[GIVEN INFORMATION]:
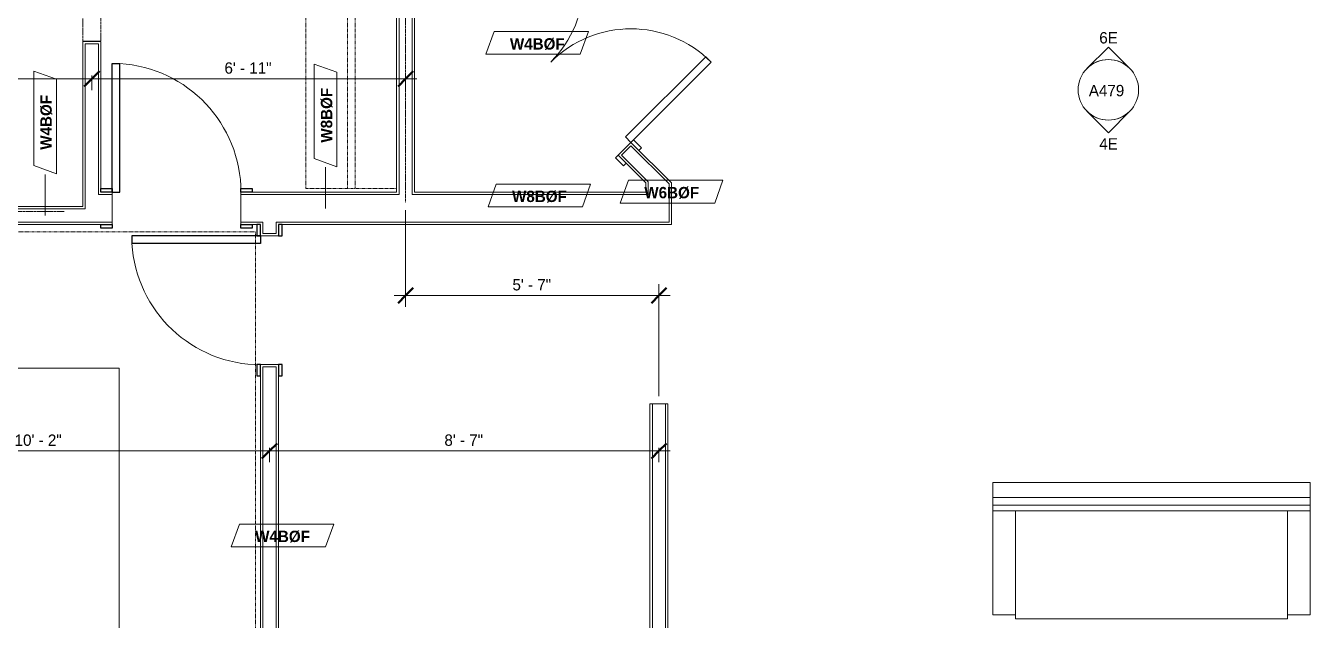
# Model space of a CAD drawing. Header units: inches. Extents: x -4010 to -1814, y 9846 to 12241.
# Drawn here: x -2463.1 to -2123.4, y 10053.1 to 10210.2 of the extents above; entities that cross this region are included whole.
import ezdxf

# ---------------------------------------------------------------- set-up
doc = ezdxf.new("R2010")
doc.units = ezdxf.units.IN
doc.header["$MEASUREMENT"] = 0
for name, pattern in [('Dash', [0.25, 0.125, -0.125]), ('Dash 3_32_', [0.1875, 0.09375, -0.09375]), ('Overhead', [0.15625, 0.09375, -0.0625])]:
    doc.linetypes.add(name, pattern=pattern)
for name, color, linetype, lineweight in [('A-ANNO-DIMS', 211, 'Continuous', 9), ('A-ANNO-DIMS-32', 211, 'Continuous', 9), ('A-DETL-1', 90, 'Dash 3_32_', 18), ('A-DETL-GENF-3', 92, 'Overhead', 9), ('A-DETL-MEDM', 33, 'Continuous', 30), ('A-DOOR-3', 31, 'Continuous', 9), ('A-DOOR-4', 31, 'Continuous', 30), ('A-DOOR-FRAM-3', 31, 'Continuous', 30), ('A-WALL', 113, 'Continuous', 18), ('A-WALL-3', 113, 'Continuous', 9), ('A-WALL-IDEN', 211, 'Continuous', 9), ('G-ANNO-SYMB-3', 111, 'Continuous', 9), ('I-FURN', 30, 'Continuous', 9), ('I-FURN-HDLN', 30, 'Dash', 9), ('I-WALL-4', 2, 'Continuous', 9), ('Q-CASE', 31, 'Continuous', 9), ('Q-CASE-HDLN', 31, 'Dash', 9)]:
    doc.layers.add(name, color=color, linetype=linetype, lineweight=lineweight)
doc.styles.add('Century Gothic', font='ufonts.com_century-gothic.ttf', dxfattribs={"height": 3})
doc.styles.add('Century Gothic_B_1', font='GOTHICB.TTF', dxfattribs={"height": 3})
doc.dimstyles.new('OD_1__HACK_2', dxfattribs={"dimscale": 12, "dimtxt": 3.132505, "dimasz": 0.333333, "dimexe": 0.25, "dimexo": 0.166667, "dimgap": 0.041667, "dimtad": 1, "dimdec": 4, "dimrnd": 0.0625, "dimzin": 3, "dimdsep": 46, "dimlunit": 4, "dimtxsty": 'Century Gothic', "dimblk1": 'OBLIQUE', "dimblk2": 'OBLIQUE', "dimsah": 1, "dimcen": 0.09, "dimdle": 0.25, "dimazin": 0, "dimtfac": 1, "dimtdec": 4, "dimtix": 1, "dimtmove": 0, "dimatfit": 3, "dimfxl": 1, "dimtvp": 1, "dimtfill": 1, "dimfrac": 2, "dimtolj": 1, "dimtzin": 0, "dimarcsym": 2})

# ---------------------------------------------------------------- blocks, each defined once
blk = doc.blocks.new('Door-Opening - 34_ x 80_-3928451-UNIT PLANS - 2ND _ 3RD FLOOR')
at = {"layer": 'A-DETL-GENF-3'}
for p, q in [((-17.32, 2.37), (16.68, 2.37)), ((16.68, -2.38), (-17.32, -2.38))]:
    blk.add_line(p, q, dxfattribs=at)
at = {"layer": 'A-DETL-MEDM'}
for p, q in [((-17.32, -2.38), (-17.32, 2.37)), ((16.68, 2.37), (16.68, -2.38))]:
    blk.add_line(p, q, dxfattribs=at)
blk = doc.blocks.new('OD_CW_Closet - OD_CW_Closet-3807278-UNIT PLANS - 2ND _ 3RD FLOOR')
at = {"layer": 'Q-CASE-HDLN'}
for p, q in [((67.55, 24), (0.74, 24)), ((0.74, 24), (0.74, 0)), ((67.55, 0), (67.55, 24)), ((0.74, 13), (67.55, 13)), ((0.74, 11), (67.55, 11)), ((0.74, 0), (67.55, 0))]:
    blk.add_line(p, q, dxfattribs=at)
blk = doc.blocks.new('SWING - SINGLE - FLUSH - 2-10 x 6-8 - PRIVACY-3616604-UNIT PLANS - 2ND _ 3RD FLOOR')
at = {"layer": 'A-DOOR-3'}
blk.add_arc((17, -4.25), 34.07, 180, 266.6343, dxfattribs=at)
at = {"layer": 'A-DOOR-4'}
for p, q in [((15, -4.25), (15, -38.26)), ((17, -4.25), (15, -4.25)), ((17, -4.25), (17, -38.26)), ((17, -38.26), (15, -38.26))]:
    blk.add_line(p, q, dxfattribs=at)
at = {"layer": 'A-DOOR-FRAM-3'}
for p, q in [((-20, 4.25), (-20, 5.25)), ((-20, 5.25), (-17, 5.25)), ((-17, 4.25), (-20, 4.25)), ((-17, 5.25), (-17, 4.25)), ((17, 4.25), (17, 5.25)), ((17, 5.25), (20, 5.25)), ((20, 4.25), (17, 4.25)), ((20, 5.25), (20, 4.25)), ((-20, -4.25), (-17, -4.25)), ((-20, -5.25), (-20, -4.25)), ((-17, -5.25), (-20, -5.25)), ((-17, -4.25), (-17, -5.25)), ((17, -4.25), (20, -4.25)), ((17, -5.25), (17, -4.25)), ((20, -5.25), (17, -5.25)), ((20, -4.25), (20, -5.25))]:
    blk.add_line(p, q, dxfattribs=at)
blk = doc.blocks.new('Couch-Both_Arms-Generic - 1-1372852-UNIT PLANS - 2ND _ 3RD FLOOR')
at = {"layer": 'I-FURN'}
for p, q in [((-42, 17.5), (-36, 17.5)), ((-42, -10), (-42, 17.5)), ((-36, 18.5), (36, 18.5)), ((-36, 17.5), (-36, 18.5)), ((-36, 17.5), (-36, -10)), ((36, 18.5), (36, 17.5)), ((36, 17.5), (42, 17.5)), ((36, -10), (36, 17.5)), ((42, 17.5), (42, -10)), ((-42, -10), (42, -10)), ((-42, -13.5), (-42, -10)), ((42, -10), (42, -13.5)), ((-42, -11.5), (42, -11.5)), ((-42, -13.5), (42, -13.5)), ((-42, -17.5), (-42, -13.5)), ((42, -13.5), (-42, -13.5)), ((42, -13.5), (42, -17.5)), ((42, -17.5), (-42, -17.5))]:
    blk.add_line(p, q, dxfattribs=at)
blk = doc.blocks.new('SWING - SINGLE - FLUSH - 2-10 x 6-8 - PRIVACY-3928387-UNIT PLANS - 2ND _ 3RD FLOOR')
at = {"layer": 'A-DOOR-3'}
blk.add_arc((17, 2.37), 34.07, 93.3657, 180, dxfattribs=at)
at = {"layer": 'A-DOOR-4'}
for p, q in [((15, 2.37), (15, 36.38)), ((17, 36.38), (15, 36.38)), ((17, 2.37), (17, 36.38)), ((17, 2.37), (15, 2.37))]:
    blk.add_line(p, q, dxfattribs=at)
at = {"layer": 'A-DOOR-FRAM-3'}
for p, q in [((-17, 3.37), (-20, 3.37)), ((-20, 3.37), (-20, 2.37)), ((-20, 2.37), (-17, 2.37)), ((-17, 2.37), (-17, 3.37)), ((20, 3.37), (17, 3.37)), ((17, 3.37), (17, 2.37)), ((17, 2.37), (20, 2.37)), ((20, 2.37), (20, 3.37)), ((-17, -2.38), (-20, -2.38)), ((-20, -2.38), (-20, -3.38)), ((-20, -3.38), (-17, -3.38)), ((-17, -3.38), (-17, -2.38)), ((20, -2.38), (17, -2.38)), ((17, -2.38), (17, -3.38)), ((17, -3.38), (20, -3.38)), ((20, -3.38), (20, -2.38))]:
    blk.add_line(p, q, dxfattribs=at)
blk = doc.blocks.new('Bed-Standard - King 78_ x 80_-V72-UNIT PLANS - 2ND _ 3RD FLOOR')
at = {"layer": 'I-FURN'}
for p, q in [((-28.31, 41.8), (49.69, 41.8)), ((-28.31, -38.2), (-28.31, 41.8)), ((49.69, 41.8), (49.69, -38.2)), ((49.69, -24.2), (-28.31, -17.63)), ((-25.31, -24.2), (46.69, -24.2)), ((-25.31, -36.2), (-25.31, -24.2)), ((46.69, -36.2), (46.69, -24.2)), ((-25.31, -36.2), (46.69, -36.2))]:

[EXERCISE GOAL]: Report every line containing the string "units" in the material.

[OUTPUT OF THE EXERCISE]:
# Model space of a CAD drawing. Header units: inches. Extents: x -4010 to -1814, y 9846 to 12241.
doc.units = ezdxf.units.IN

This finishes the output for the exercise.